73. The device of claim 72, wherein the non-chromogenic competing reactant is capable of reoxidizing dye formed upon the reduction of the chromogen.

74. A digital colorimetric method for determining the amount of an organic analyte in a sample, wherein the method comprises:

(a) contacting the sample with an assay system comprising an NAD(P)-dependent dehydrogenase capable of oxidizing the analyte to produce NAD(P)H in an amount proportional to the analyte, NAD(P), a chromogen capable of producing a color change upon reduction by NAD(P)H in the presence of an electron-carrier catalyst, an electron-carrier catalyst, and a non-chromogenic competing reactant capable of accepting electrons from NAD(P)H, wherein the non-chromogenic competing reactant is present in an amount sufficient to prevent a visible color change due to accumulation of reduced chromogen until a predetermined threshold amount of NAD(P) is exceeded, and
(b) determining the amount of NAD(P)H as an indirect determination of the analyte, wherein a visible color change is indicative of an amount of NAD(P)H above the predetermined threshold an the absence of a visible color change is indicative of an amount of NAD(P)H below the predetermined threshold.

75. The method of claim 74 wherein the analyte is selected from the group consisting of glucose, alcohol, lactic acid, glycerol, ketones and beta-hydroxybutyrate.

76. The method of claim 74 wherein the non-chromogenic competing reactant is capable of reoxidizing dye formed upon the reduction of the chromogen.

77. The method of claim 74 wherein the analyte is generated in situ.

78. The method of claim 74 wherein the sample is not diluted prior to adding the sample to the assay system.

79. The method of claim 74 wherein the sample is urine and the analyte is uric acid.

80. The method of claim 74 wherein the sample is saliva and the analyte is alcohol.
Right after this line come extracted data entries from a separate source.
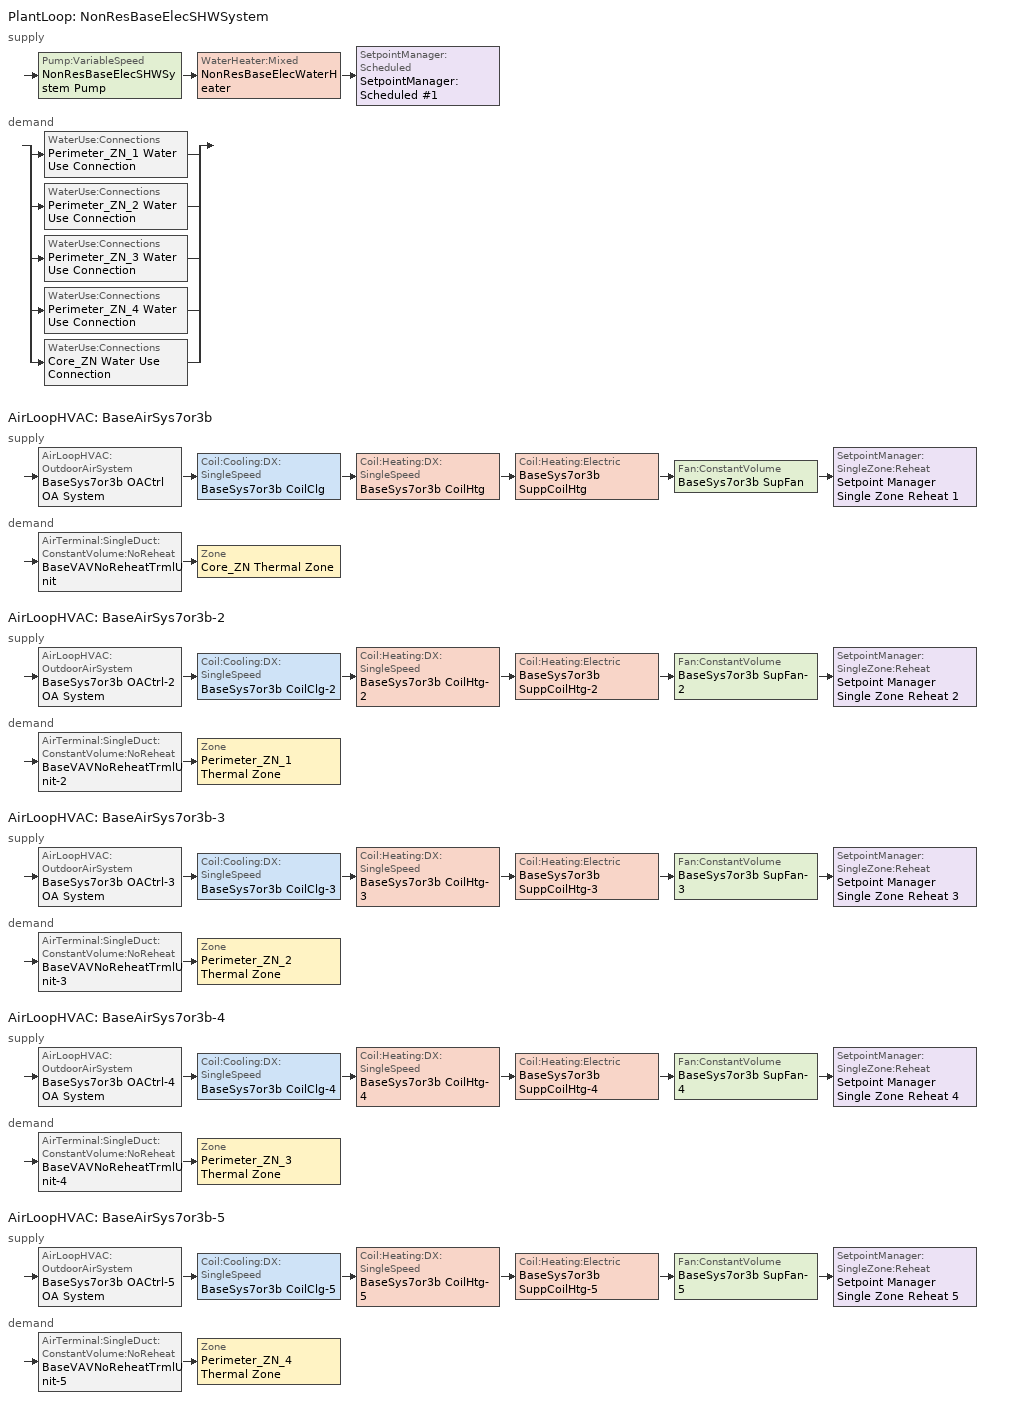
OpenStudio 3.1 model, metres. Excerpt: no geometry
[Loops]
PlantLoop 'NonResBaseElecSHWSystem'
 supply: Pump:VariableSpeed 'NonResBaseElecSHWSystem Pump' > WaterHeater:Mixed 'NonResBaseElecWaterHeater' > SetpointManager:Scheduled 'SetpointManager:Scheduled #1'
 demand: split
  | WaterUse:Connections 'Perimeter_ZN_1 Water Use Connection'
  | WaterUse:Connections 'Perimeter_ZN_2 Water Use Connection'
  | WaterUse:Connections 'Perimeter_ZN_3 Water Use Connection'
  | WaterUse:Connections 'Perimeter_ZN_4 Water Use Connection'
  | WaterUse:Connections 'Core_ZN Water Use Connection'
AirLoopHVAC 'BaseAirSys7or3b'
 supply: AirLoopHVAC:OutdoorAirSystem 'BaseSys7or3b OACtrl OA System' > Coil:Cooling:DX:SingleSpeed 'BaseSys7or3b CoilClg' > Coil:Heating:DX:SingleSpeed 'BaseSys7or3b CoilHtg' > Coil:Heating:Electric 'BaseSys7or3b SuppCoilHtg' > Fan:ConstantVolume 'BaseSys7or3b SupFan' > SetpointManager:SingleZone:Reheat 'Setpoint Manager Single Zone Reheat 1'
 demand: AirTerminal:SingleDuct:ConstantVolume:NoReheat 'BaseVAVNoReheatTrmlUnit' > Zone 'Core_ZN Thermal Zone'
AirLoopHVAC 'BaseAirSys7or3b-2'
 supply: AirLoopHVAC:OutdoorAirSystem 'BaseSys7or3b OACtrl-2 OA System' > Coil:Cooling:DX:SingleSpeed 'BaseSys7or3b CoilClg-2' > Coil:Heating:DX:SingleSpeed 'BaseSys7or3b CoilHtg-2' > Coil:Heating:Electric 'BaseSys7or3b SuppCoilHtg-2' > Fan:ConstantVolume 'BaseSys7or3b SupFan-2' > SetpointManager:SingleZone:Reheat 'Setpoint Manager Single Zone Reheat 2'
 demand: AirTerminal:SingleDuct:ConstantVolume:NoReheat 'BaseVAVNoReheatTrmlUnit-2' > Zone 'Perimeter_ZN_1 Thermal Zone'
AirLoopHVAC 'BaseAirSys7or3b-3'
 supply: AirLoopHVAC:OutdoorAirSystem 'BaseSys7or3b OACtrl-3 OA System' > Coil:Cooling:DX:SingleSpeed 'BaseSys7or3b CoilClg-3' > Coil:Heating:DX:SingleSpeed 'BaseSys7or3b CoilHtg-3' > Coil:Heating:Electric 'BaseSys7or3b SuppCoilHtg-3' > Fan:ConstantVolume 'BaseSys7or3b SupFan-3' > SetpointManager:SingleZone:Reheat 'Setpoint Manager Single Zone Reheat 3'
 demand: AirTerminal:SingleDuct:ConstantVolume:NoReheat 'BaseVAVNoReheatTrmlUnit-3' > Zone 'Perimeter_ZN_2 Thermal Zone'
AirLoopHVAC 'BaseAirSys7or3b-4'
 supply: AirLoopHVAC:OutdoorAirSystem 'BaseSys7or3b OACtrl-4 OA System' > Coil:Cooling:DX:SingleSpeed 'BaseSys7or3b CoilClg-4' > Coil:Heating:DX:SingleSpeed 'BaseSys7or3b CoilHtg-4' > Coil:Heating:Electric 'BaseSys7or3b SuppCoilHtg-4' > Fan:ConstantVolume 'BaseSys7or3b SupFan-4' > SetpointManager:SingleZone:Reheat 'Setpoint Manager Single Zone Reheat 4'
 demand: AirTerminal:SingleDuct:ConstantVolume:NoReheat 'BaseVAVNoReheatTrmlUnit-4' > Zone 'Perimeter_ZN_3 Thermal Zone'
AirLoopHVAC 'BaseAirSys7or3b-5'
 supply: AirLoopHVAC:OutdoorAirSystem 'BaseSys7or3b OACtrl-5 OA System' > Coil:Cooling:DX:SingleSpeed 'BaseSys7or3b CoilClg-5' > Coil:Heating:DX:SingleSpeed 'BaseSys7or3b CoilHtg-5' > Coil:Heating:Electric 'BaseSys7or3b SuppCoilHtg-5' > Fan:ConstantVolume 'BaseSys7or3b SupFan-5' > SetpointManager:SingleZone:Reheat 'Setpoint Manager Single Zone Reheat 5'
 demand: AirTerminal:SingleDuct:ConstantVolume:NoReheat 'BaseVAVNoReheatTrmlUnit-5' > Zone 'Perimeter_ZN_4 Thermal Zone'
[Sizing:Zone] Zone Cooling Design Supply Air Temperature Input Method=TemperatureDifference; Zone Cooling Design Supply Air Temperature {C}=14; Zone Cooling Design Supply Air Temperature Difference {deltaC}=11.1111; Zone Heating Design Supply Air Temperature Input Method=TemperatureDifference; Zone Heating Design Supply Air Temperature {C}=40; Zone Heating Design Supply Air Temperature Difference {deltaC}=13.8889; Zone Cooling Design Supply Air Humidity Ratio {kg-H2O/kg-air}=0.0085; Zone Heating Design Supply Air Humidity Ratio {kg-H2O/kg-air}=0.008; Zone Heating Sizing Factor=1; Zone Cooling Sizing Factor=1; Cooling Design Air Flow Method=DesignDay; Cooling Minimum Air Flow per Zone Floor Area {m3/s-m2}=0; Cooling Minimum Air Flow {m3/s}=0; Cooling Minimum Air Flow Fraction=0; Heating Design Air Flow Method=DesignDay; Heating Maximum Air Flow per Zone Floor Area {m3/s-m2}=0; Heating Maximum Air Flow {m3/s}=0; Heating Maximum Air Flow Fraction=0; Account for Dedicated Outdoor Air System=No; Dedicated Outdoor Air System Control Strategy=NeutralSupplyAir; Dedicated Outdoor Air Low Setpoint Temperature for Design {C}=autosize; Dedicated Outdoor Air High Setpoint Temperature for Design {C}=autosize
Core_ZN Thermal Zone; Perimeter_ZN_1 Thermal Zone; Perimeter_ZN_2 Thermal Zone; Perimeter_ZN_3 Thermal Zone; Perimeter_ZN_4 Thermal Zone
[Zone equipment]
Core_ZN Thermal Zone: BaseVAVNoReheatTrmlUnit
Perimeter_ZN_1 Thermal Zone: BaseVAVNoReheatTrmlUnit-2
Perimeter_ZN_2 Thermal Zone: BaseVAVNoReheatTrmlUnit-3
Perimeter_ZN_3 Thermal Zone: BaseVAVNoReheatTrmlUnit-4
Perimeter_ZN_4 Thermal Zone: BaseVAVNoReheatTrmlUnit-5
[PlantLoop]
NonResBaseElecSHWSystem: Glycol Concentration=0; Plant Loop Volume {m3}=Autocalculate; Load Distribution Scheme=Optimal
[Sizing:Plant]
NonResBaseElecSHWSystem: Loop Type=Heating; Design Loop Exit Temperature {C}=57.2222; Loop Design Temperature Difference {deltaC}=44.4444; Sizing Option=NonCoincident; Zone Timesteps in Averaging Window=1; Coincident Sizing Factor Mode=None
[WaterHeater:Mixed]
NonResBaseElecWaterHeater: Tank Volume {m3}=0.113542; Setpoint Temperature Schedule=NonResBaseElecWaterHeater Setpoint Temp; Deadband Temperature Difference {deltaC}=2; Maximum Temperature Limit {C}=82.22; Heater Control Type=Cycle; Heater Maximum Capacity {W}=8742.43; Heater Fuel Type=Electricity; Heater Thermal Efficiency=1; Off Cycle Parasitic Fuel Consumption Rate {W}=0; Off Cycle Parasitic Heat Fraction to Tank=0.8; On Cycle Parasitic Fuel Consumption Rate {W}=0; Ambient Temperature Indicator=Schedule; Ambient Temperature Schedule=NonResBaseElecWaterHeater Ambient Temperature; Off Cycle Loss Coefficient to Ambient Temperature {W/K}=0.731405; On Cycle Loss Coefficient to Ambient Temperature {W/K}=0.731405; Use Side Effectiveness=1; Source Side Effectiveness=1; Use Side Design Flow Rate {m3/s}=autosize; Source Side Design Flow Rate {m3/s}=autosize; Indirect Water Heating Recovery Time {hr}=1.5; Source Side Flow Control Mode=IndirectHeatPrimarySetpoint
[Pump:VariableSpeed]
NonResBaseElecSHWSystem Pump: Rated Pump Head {Pa}=0; Pump Control Type=Intermittent; Skin Loss Radiative Fraction=0.5; Design Power Sizing Method=PowerPerFlowPerPressure; Design Electric Power per Unit Flow Rate {W/(m3/s)}=348701.1; Design Shaft Power per Unit Flow Rate per Unit Head {W-s/m3-Pa}=1.28205; Design Minimum Flow Rate Fraction=0
[SetpointManager:Scheduled]
SetpointManager:Scheduled #1: Control Variable=Temperature; Schedule=NonResBaseElecSHWSystem Supply Temp Schedule; Setpoint Node or NodeList=NonResBaseElecSHWSystem Supply Mixer Outlet Node
[WaterUse:Connections] Drain Water Heat Exchanger Type=None; Drain Water Heat Exchanger Destination=Plant
Name | Water Use Equipment Name 1
Perimeter_ZN_1 Water Use Connection | Perimeter_ZN_1 Water Use Equipment
Perimeter_ZN_2 Water Use Connection | Perimeter_ZN_2 Water Use Equipment
Perimeter_ZN_3 Water Use Connection | Perimeter_ZN_3 Water Use Equipment
Perimeter_ZN_4 Water Use Connection | Perimeter_ZN_4 Water Use Equipment
Core_ZN Water Use Connection | Core_ZN Water Use Equipment
[WaterUse:Equipment:Definition]
Name | Peak Flow Rate {m3/s} | Target Temperature Schedule
Perimeter_ZN_1 Water Use Definition | 1.15565e-06 | Perimeter_ZN_1 Target SHW Temp
Perimeter_ZN_2 Water Use Definition | 6.85549e-07 | Perimeter_ZN_2 Target SHW Temp
Perimeter_ZN_3 Water Use Definition | 1.15565e-06 | Perimeter_ZN_3 Target SHW Temp
Perimeter_ZN_4 Water Use Definition | 6.85549e-07 | Perimeter_ZN_4 Target SHW Temp
Core_ZN Water Use Definition | 1.52448e-06 | Core_ZN Target SHW Temp
[WaterUse:Equipment] Flow Rate Fraction Schedule=OfficeServiceHotWater
Name | Water Use Equipment Definition
Perimeter_ZN_1 Water Use Equipment | Perimeter_ZN_1 Water Use Definition
Perimeter_ZN_2 Water Use Equipment | Perimeter_ZN_2 Water Use Definition
Perimeter_ZN_3 Water Use Equipment | Perimeter_ZN_3 Water Use Definition
Perimeter_ZN_4 Water Use Equipment | Perimeter_ZN_4 Water Use Definition
Core_ZN Water Use Equipment | Core_ZN Water Use Definition
[AirLoopHVAC] Availability Schedule=OfficeHVACAvail; Design Return Air Flow Fraction of Supply Air Flow=1
Name | Design Supply Air Flow Rate {m3/s}
BaseAirSys7or3b | 0.518052
BaseAirSys7or3b-2 | 0.519572
BaseAirSys7or3b-3 | 0.299884
BaseAirSys7or3b-4 | 0.425656
BaseAirSys7or3b-5 | 0.341444
[Sizing:System] Type of Load to Size On=Sensible; Design Outdoor Air Flow Rate {m3/s}=Autosize; Central Heating Maximum System Air Flow Ratio=1; Preheat Design Temperature {C}=5.68434e-14; Preheat Design Humidity Ratio {kg-H2O/kg-Air}=0; Precool Design Temperature {C}=5.68434e-14; Precool Design Humidity Ratio {kg-H2O/kg-Air}=0; Central Cooling Design Supply Air Temperature {C}=12.7778; Central Heating Design Supply Air Temperature {C}=35; Sizing Option=NonCoincident; 100% Outdoor Air in Cooling=No; 100% Outdoor Air in Heating=No; Central Cooling Design Supply Air Humidity Ratio {kg-H2O/kg-Air}=0.0085; Central Heating Design Supply Air Humidity Ratio {kg-H2O/kg-Air}=0.008; Cooling Design Air Flow Method=DesignDay; Cooling Design Air Flow Rate {m3/s}=0; Heating Design Air Flow Method=DesignDay; Heating Design Air Flow Rate {m3/s}=0; System Outdoor Air Method=ZoneSum; Zone Maximum Outdoor Air Fraction=1; Cooling Supply Air Flow Rate Per Floor Area {m3/s-m2}=0.00996765; Cooling Fraction of Autosized Cooling Supply Air Flow Rate=1; Cooling Supply Air Flow Rate Per Unit Cooling Capacity {m3/s-W}=3.94755e-05; Heating Supply Air Flow Rate Per Floor Area {m3/s-m2}=0.00996765; Heating Fraction of Autosized Heating Supply Air Flow Rate=1; Heating Fraction of Autosized Cooling Supply Air Flow Rate=1; Heating Supply Air Flow Rate Per Unit Heating Capacity {m3/s-W}=3.15882e-05; Cooling Design Capacity Method=CoolingDesignCapacity; Cooling Design Capacity {W}=autosize; Cooling Design Capacity Per Floor Area {W/m2}=234.7; Fraction of Autosized Cooling Design Capacity=1; Heating Design Capacity Method=HeatingDesignCapacity; Heating Design Capacity {W}=autosize; Heating Design Capacity Per Floor Area {W/m2}=157; Fraction of Autosized Heating Design Capacity=1; Central Cooling Capacity Control Method=OnOff
BaseAirSys7or3b; BaseAirSys7or3b-2; BaseAirSys7or3b-3; BaseAirSys7or3b-4; BaseAirSys7or3b-5
[Fan:ConstantVolume] Availability Schedule=Always On Discrete; Fan Total Efficiency=0.55575; Pressure Rise {Pa}=876.534; Motor Efficiency=0.855; Motor In Airstream Fraction=1
Name | Maximum Flow Rate {m3/s}
BaseSys7or3b SupFan | 0.518052
BaseSys7or3b SupFan-2 | 0.519572
BaseSys7or3b SupFan-3 | 0.299884
BaseSys7or3b SupFan-4 | 0.425656
BaseSys7or3b SupFan-5 | 0.341444
[Coil:Heating:Electric]
Name | Availability Schedule | Nominal Capacity {W}
BaseSys7or3b SuppCoilHtg | BaseSys7or3b SuppCoilHtg AvailSch | 8486.84
BaseSys7or3b SuppCoilHtg-2 | BaseSys7or3b SuppCoilHtg-2 AvailSch | 7644.32
BaseSys7or3b SuppCoilHtg-3 | BaseSys7or3b SuppCoilHtg-3 AvailSch | 4456.17
BaseSys7or3b SuppCoilHtg-4 | BaseSys7or3b SuppCoilHtg-4 AvailSch | 6756.34
BaseSys7or3b SuppCoilHtg-5 | BaseSys7or3b SuppCoilHtg-5 AvailSch | 4849.12
[Coil:Heating:DX:SingleSpeed] Availability Schedule=Always On Discrete; Rated COP {W/W}=3.52162; Rated Supply Fan Power Per Volume Flow Rate {W/(m3/s)}=773.3; Total Heating Capacity Function of Temperature Curve=CoilHtgHPQRatio_fToadbSI; Total Heating Capacity Function of Flow Fraction Curve=CoilHtgHPQRatio_fCFMRatio; Energy Input Ratio Function of Temperature Curve=CoilHtgHPEIRRatio_fToadbSI; Energy Input Ratio Function of Flow Fraction Curve=CoilHtgHPEIRRatio_fCFMRatio; Part Load Fraction Correlation Curve=CoilHtgHPEIRRatio_fQFrac; Minimum Outdoor Dry-Bulb Temperature for Compressor Operation {C}=-8.33333; Maximum Outdoor Dry-Bulb Temperature for Defrost Operation {C}=4.44444; Maximum Outdoor Dry-Bulb Temperature for Crankcase Heater Operation {C}=10; Defrost Strategy=ReverseCycle; Defrost Control=Timed; Defrost Time Period Fraction=0.058333; Resistive Defrost Heater Capacity {W}=2000
Name | Rated Total Heating Capacity {W} | Rated Air Flow Rate {m3/s} | Defrost Energy Input Ratio Function of Temperature Curve | Crankcase Heater Capacity {W}
BaseSys7or3b CoilHtg | 9515.31 | 0.518052 | BaseSys7or3b CoilHtg Defrost Curve | 25.932
BaseSys7or3b CoilHtg-2 | 10256 | 0.519572 | BaseSys7or3b CoilHtg-2 Defrost Curve | 27.9506
BaseSys7or3b CoilHtg-3 | 5798.18 | 0.299884 | BaseSys7or3b CoilHtg-3 Defrost Curve | 15.8017
BaseSys7or3b CoilHtg-4 | 9429.56 | 0.425656 | BaseSys7or3b CoilHtg-4 Defrost Curve | 25.6983
BaseSys7or3b CoilHtg-5 | 6850.1 | 0.341444 | BaseSys7or3b CoilHtg-5 Defrost Curve | 18.6686
[Coil:Cooling:DX:SingleSpeed] Availability Schedule=Always On Discrete; Rated Sensible Heat Ratio=autosize; Rated COP {W/W}=4.07563; Rated Evaporator Fan Power Per Volume Flow Rate {W/(m3/s)}=773.3; Total Cooling Capacity Function of Temperature Curve=CoilClgDXQRatio_fTwbToadbSI; Total Cooling Capacity Function of Flow Fraction Curve=CoilClgDXSnglQRatio_fCFMRatio; Energy Input Ratio Function of Flow Fraction Curve=CoilClgDXSnglEIRRatio_fCFMRatio; Part Load Fraction Correlation Curve=CoilClgDXSEEREIRRatio_fQFrac; Minimum Outdoor Dry-Bulb Temperature for Compressor Operation {C}=-25; Condenser Type=AirCooled; Evaporative Condenser Effectiveness=0; Evaporative Condenser Air Flow Rate {m3/s}=Autosize; Evaporative Condenser Pump Rated Power Consumption {W}=Autosize; Crankcase Heater Capacity {W}=0; Maximum Outdoor Dry-Bulb Temperature for Crankcase Heater Operation {C}=0; Basin Heater Capacity {W/K}=0; Basin Heater Setpoint Temperature {C}=10
Name | Rated Total Cooling Capacity {W} | Rated Air Flow Rate {m3/s} | Energy Input Ratio Function of Temperature Curve
BaseSys7or3b CoilClg | 9515.31 | 0.518052 | CoilClgDXSEEREIR_fTwbToadbSI
BaseSys7or3b CoilClg-2 | 10256 | 0.519572 | CoilClgDXSEEREIR_fTwbToadbSI-2
BaseSys7or3b CoilClg-3 | 5798.18 | 0.299884 | CoilClgDXSEEREIR_fTwbToadbSI-3
BaseSys7or3b CoilClg-4 | 9429.56 | 0.425656 | CoilClgDXSEEREIR_fTwbToadbSI-4
BaseSys7or3b CoilClg-5 | 6850.1 | 0.341444 | CoilClgDXSEEREIR_fTwbToadbSI-5
[Controller:OutdoorAir] Minimum Outdoor Air Flow Rate {m3/s}=0; Maximum Outdoor Air Flow Rate {m3/s}=Autosize; Economizer Control Action Type=ModulateFlow; Lockout Type=NoLockout; Minimum Limit Type=FixedMinimum; High Humidity Control=No; Heat Recovery Bypass Control Type=BypassWhenWithinEconomizerLimits
Name | Economizer Control Type | Economizer Maximum Limit Enthalpy {J/kg} | Minimum Outdoor Air Schedule | Controller Mechanical Ventilation | Economizer Maximum Limit Dry-Bulb Temperature {C} | Maximum Fraction of Outdoor Air Schedule
BaseSys7or3b OACtrl | NoEconomizer | 64000 | BaseSys7or3b OACtrl Schedule | BaseSys7or3b OACtrl Mech Vent Controller
BaseSys7or3b OACtrl-2 | FixedDryBulb | 116300 | BaseSys7or3b OACtrl-2 Schedule | BaseSys7or3b OACtrl-2 Mech Vent Controller | 23.8889 | BaseSys7or3b OACtrl-2 Max OA Schedule
BaseSys7or3b OACtrl-3 | NoEconomizer | 64000 | BaseSys7or3b OACtrl-3 Schedule | BaseSys7or3b OACtrl-3 Mech Vent Controller
BaseSys7or3b OACtrl-4 | NoEconomizer | 64000 | BaseSys7or3b OACtrl-4 Schedule | BaseSys7or3b OACtrl-4 Mech Vent Controller
BaseSys7or3b OACtrl-5 | NoEconomizer | 64000 | BaseSys7or3b OACtrl-5 Schedule | BaseSys7or3b OACtrl-5 Mech Vent Controller
[Controller:MechanicalVentilation] Availability Schedule=Always On Discrete; System Outdoor Air Method=ZoneSum
BaseSys7or3b OACtrl Mech Vent Controller; BaseSys7or3b OACtrl-2 Mech Vent Controller; BaseSys7or3b OACtrl-3 Mech Vent Controller; BaseSys7or3b OACtrl-4 Mech Vent Controller; BaseSys7or3b OACtrl-5 Mech Vent Controller
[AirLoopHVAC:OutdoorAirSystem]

81. The method of claim 74 wherein the sample is blood and the analyte is cholesterol.

82. The device of claim 40 wherein the catalyst is diaphorase and the non-chromogenic competing reactant is not a substrate for the diaphorase.

83. The device of claim 65 wherein the catalyst is diaphorase and the non-chromogenic competing reactant is not a substrate for the diaphorase.

84. The device of claim 72 wherein the catalyst is diaphorase and the non-chromogenic competing reactant is not a substrate for the diaphorase.

85. The method of claim 75 wherein the catalyst is diaphorase and the non-chromogenic competing reactant is not a substrate for the diaphorase.